Mervyn, with respect, you contradict yourself. While you make some good points, I don't think Jennifer's thinking is short term at all.
I agree we have technological capabilities, but as yet we haven't been able to take advantage of them in any significant way (with a few exceptions). Unless we can change this, we will remain heavily reliant on resources. I also agree our self serving politicians are a millstone around Australia's neck, but again unless we can change this, we will not progress as we should. It seems our politicians first thought when developing policy is "how is this going to benefit my career and help me get another term?" rather than what is the best benefit for Australia?
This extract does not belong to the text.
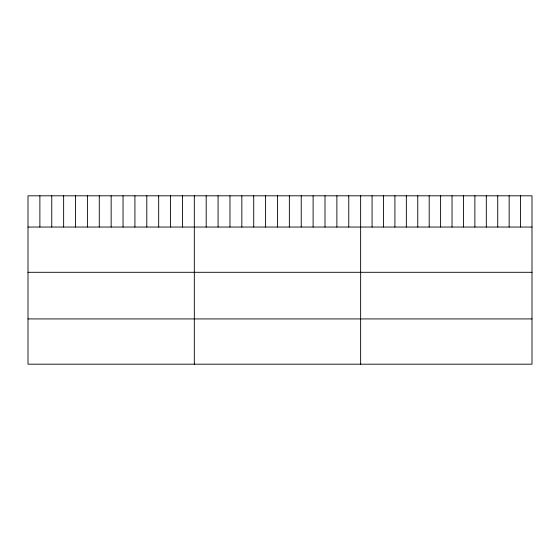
<?xml version="1.0" encoding="UTF-8"?>
<svg xmlns="http://www.w3.org/2000/svg" width="560" height="560" viewBox="0 0 560 560"><rect width="100%" height="100%" fill="white"/><g stroke="black" fill="none" stroke-linecap="round" stroke-linejoin="round"><path stroke-width="0.84" d="M532 227.045L532 364.189L28 364.189L28 195.811L532 195.811L532 227.045L28 227.045M28 272.3L532 272.3M28 318.927L532 318.927M520.576 195.811L520.576 227.045M509.152 195.811L509.152 227.045M497.728 195.811L497.728 227.045M486.304 195.811L486.304 227.045M474.88 195.811L474.88 227.045M463.456 195.811L463.456 227.045M452.032 195.811L452.032 227.045M440.608 195.811L440.608 227.045M429.184 195.811L429.184 227.045M417.76 195.811L417.76 227.045M406.336 195.811L406.336 227.045M394.912 195.811L394.912 227.045M383.488 195.811L383.488 227.045M372.064 195.811L372.064 227.045M360.64 195.811L360.64 364.189M348.761 195.811L348.761 227.045M336.882 195.811L336.882 227.045M325.003 195.811L325.003 227.045M313.117 195.811L313.117 227.045M301.238 195.811L301.238 227.045M289.359 195.811L289.359 227.045M277.48 195.811L277.48 227.045M265.601 195.811L265.601 227.045M253.722 195.811L253.722 227.045M241.843 195.811L241.843 227.045M229.957 195.811L229.957 227.045M218.078 195.811L218.078 227.045M206.199 195.811L206.199 227.045M194.32 195.811L194.32 364.189M182.441 195.811L182.441 227.045M170.562 195.811L170.562 227.045M158.683 195.811L158.683 227.045M146.797 195.811L146.797 227.045M134.918 195.811L134.918 227.045M123.039 195.811L123.039 227.045M111.16 195.811L111.16 227.045M99.281 195.811L99.281 227.045M87.402 195.811L87.402 227.045M75.523 195.811L75.523 227.045M63.637 195.811L63.637 227.045M51.758 195.811L51.758 227.045M39.879 195.811L39.879 227.045"/></g></svg>
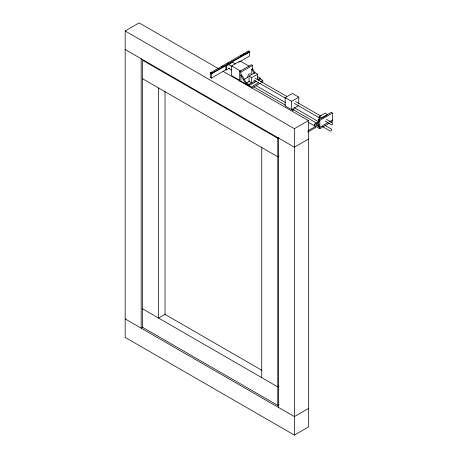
<?xml version="1.0" encoding="UTF-8"?>
<svg xmlns="http://www.w3.org/2000/svg" width="458" height="458" viewBox="0 0 458 458"><rect width="100%" height="100%" fill="white"/><g stroke="black" fill="none" stroke-linecap="round" stroke-linejoin="round"><path stroke-width="0.69" d="M247.423 77.184L248.597 74.477L249.329 73.887L250.675 73.755M293.921 109.588L292.782 110.55M223.178 71.396L308.406 120.603L308.406 427.005L294.385 435.1L125.16 337.397L125.16 30.995L139.18 22.9L218.237 68.54M226.618 69.307L211.275 78.169L210.274 77.591L210.274 72.965L248.328 50.998L249.329 51.577L249.329 56.197L238.893 62.225M212.117 72.364L210.886 73.074L212.134 72.41M221.935 66.696L223.161 65.986M227.46 63.507L228.685 62.798M240.347 56.065L242.19 55M243.416 54.296L244.641 53.586M210.274 72.965L211.275 73.543L249.329 51.577M228.874 64.194L232.303 62.214L235.309 63.948M229.298 68.225L226.298 69.96L225.897 69.725L225.897 65.563L226.298 65.797L231.101 63.021L230.7 62.792M239.482 80.184L231.674 75.679L231.674 65.895L240.147 61.006L249.158 66.204M239.683 81.186L239.683 71.442L251.362 64.704L252.564 65.397L252.564 68.877M239.683 71.442L240.885 72.141L252.564 65.397M251.763 74.27L251.763 69.129L252.564 68.671L255.066 73.005M257.636 74.179L251.631 77.648L251.631 82.967L249.026 81.461L249.026 76.142L255.037 72.673L257.636 74.179L257.636 79.497M243.959 79.417L247.646 77.287M256.469 81.329L249.129 85.566L246.524 84.066L246.524 82.909L249.581 81.14M246.524 82.909L249.129 84.409L255.243 80.877M257.081 79.818L260.144 78.055L260.144 79.211L258.306 80.27M258.472 82.829L251.099 87.089L240.885 81.192M260.316 81.764L262.778 80.345L262.778 81.736L261.547 82.446M251.711 88.119L260.316 83.156M298.793 105.477L291.586 109.639L285.174 105.941L285.174 97.617L292.387 93.455L298.793 97.153L298.793 103.399M285.174 97.617L291.586 101.315L298.793 97.153M278.985 404.683L277.766 405.387L142.587 327.338L142.587 60.244L277.766 138.293L278.985 137.589M125.16 30.995L294.385 128.692L308.406 120.603M319.117 119.939L319.117 116.613L325.128 113.143L327.733 114.649M318.619 126.614L318.619 119.675L331.237 112.393L332.439 113.086L332.439 121.41L330.636 122.452M322.323 117.769L327.132 114.992M318.619 119.675L319.821 120.368L332.439 113.086M329.434 123.145L319.821 128.692L314.411 125.572L314.411 124.187L319.22 121.41M319.22 126.036L316.615 124.53L316.615 123.374L319.066 121.965M307.707 130.948L315.516 126.442L315.516 127.599L307.707 132.104M328.231 122.452L319.821 127.307L314.411 124.187M329.434 121.759L332.439 120.025M278.985 156.086L277.766 156.791L142.587 78.747M308.406 139.1L294.385 147.195L125.16 49.493M143.011 327.092L141.184 328.151L141.184 58.744M165.309 314.217L158.605 318.087L158.605 87.999M278.985 386.18L277.766 386.884L142.587 308.841M308.406 408.507L294.385 416.603L125.16 318.9M244.99 54.416L249.329 52.035L211.275 74.007L210.274 73.429M257.539 76.549L260.144 78.055M259.772 78.616L262.778 80.345M255.043 78.095L286.468 96.237M295.713 101.573L320.978 116.16M326.525 119.361L332.685 122.921L332.685 124.009L331.792 124.862L331.392 124.759L325.226 121.198M231.674 65.895L240.685 71.099M249.026 76.142L251.631 77.648M319.117 116.613L321.722 118.118M228.302 64.526L231.903 66.605M253.749 79.932L285.792 98.43M294.42 103.411L319.684 117.998M228.302 67.99L231.903 70.074M256.291 85.755L285.334 102.523M293.99 107.516L318.705 121.788M324.888 125.355L331.684 129.282L331.283 130.936L330.39 131.114L322.352 126.477M253.761 86.877L285.277 105.071M292.691 109.353L316.793 123.265M316.615 123.374L319.22 124.879M308.148 122.189L315.516 126.442M261.976 370.367L165.017 314.388L165.017 91.44M251.763 69.129L254.264 73.469M292.742 110.109L292.822 110.412M319.821 120.368L319.821 128.692M294.385 128.692L294.385 435.1M291.586 101.315L291.586 109.639M278.367 137.944L278.367 407.351M277.766 138.293L277.766 405.387M261.741 147.545L261.741 377.632M249.129 84.409L249.129 85.566M248.328 50.998L248.328 51.456M240.885 72.141L240.885 81.885M226.298 65.797L226.298 69.96M211.275 73.543L211.275 78.169M241.687 74.946L240.885 75.41L245.894 84.083L246.696 83.619L241.687 74.946"/></g></svg>

The areas of trade, defence, immigration etc., deserve better.
These are two big "ifs" and unless addressed, we will all fall "into China's trap". Jennifer is correct to be concerned about Australia's future, as we all should be.

James
May 26, 2021

It is strange that a financial website got into geo politics rhetoric?

Jennifer
May 26, 2021

We don't make much, we did stuff out of the ground and sell it to China. It finances our way of life. When this stops, will we be the first Australians whose grandchildren are worse off than we are?

Mervyn Cross
May 26, 2021

Jennifer, do you really want your grandchildren to be in an Australia dominated by China? Your thinking is very short-sighted and way out of date. Australia has the technical knowhow and ability to achieve much more than simply be a miner. That is very evident today; just take the time to investigate what many Australian companies are researching and developing.You will be surprised.The limiting factor is our self-serving politicians, who are incapable of formulating strategies to exploit our capabilities and formulate a vision where Australia needs to be in 20 or 30 years time. Jennifer, you are falling into China's trap.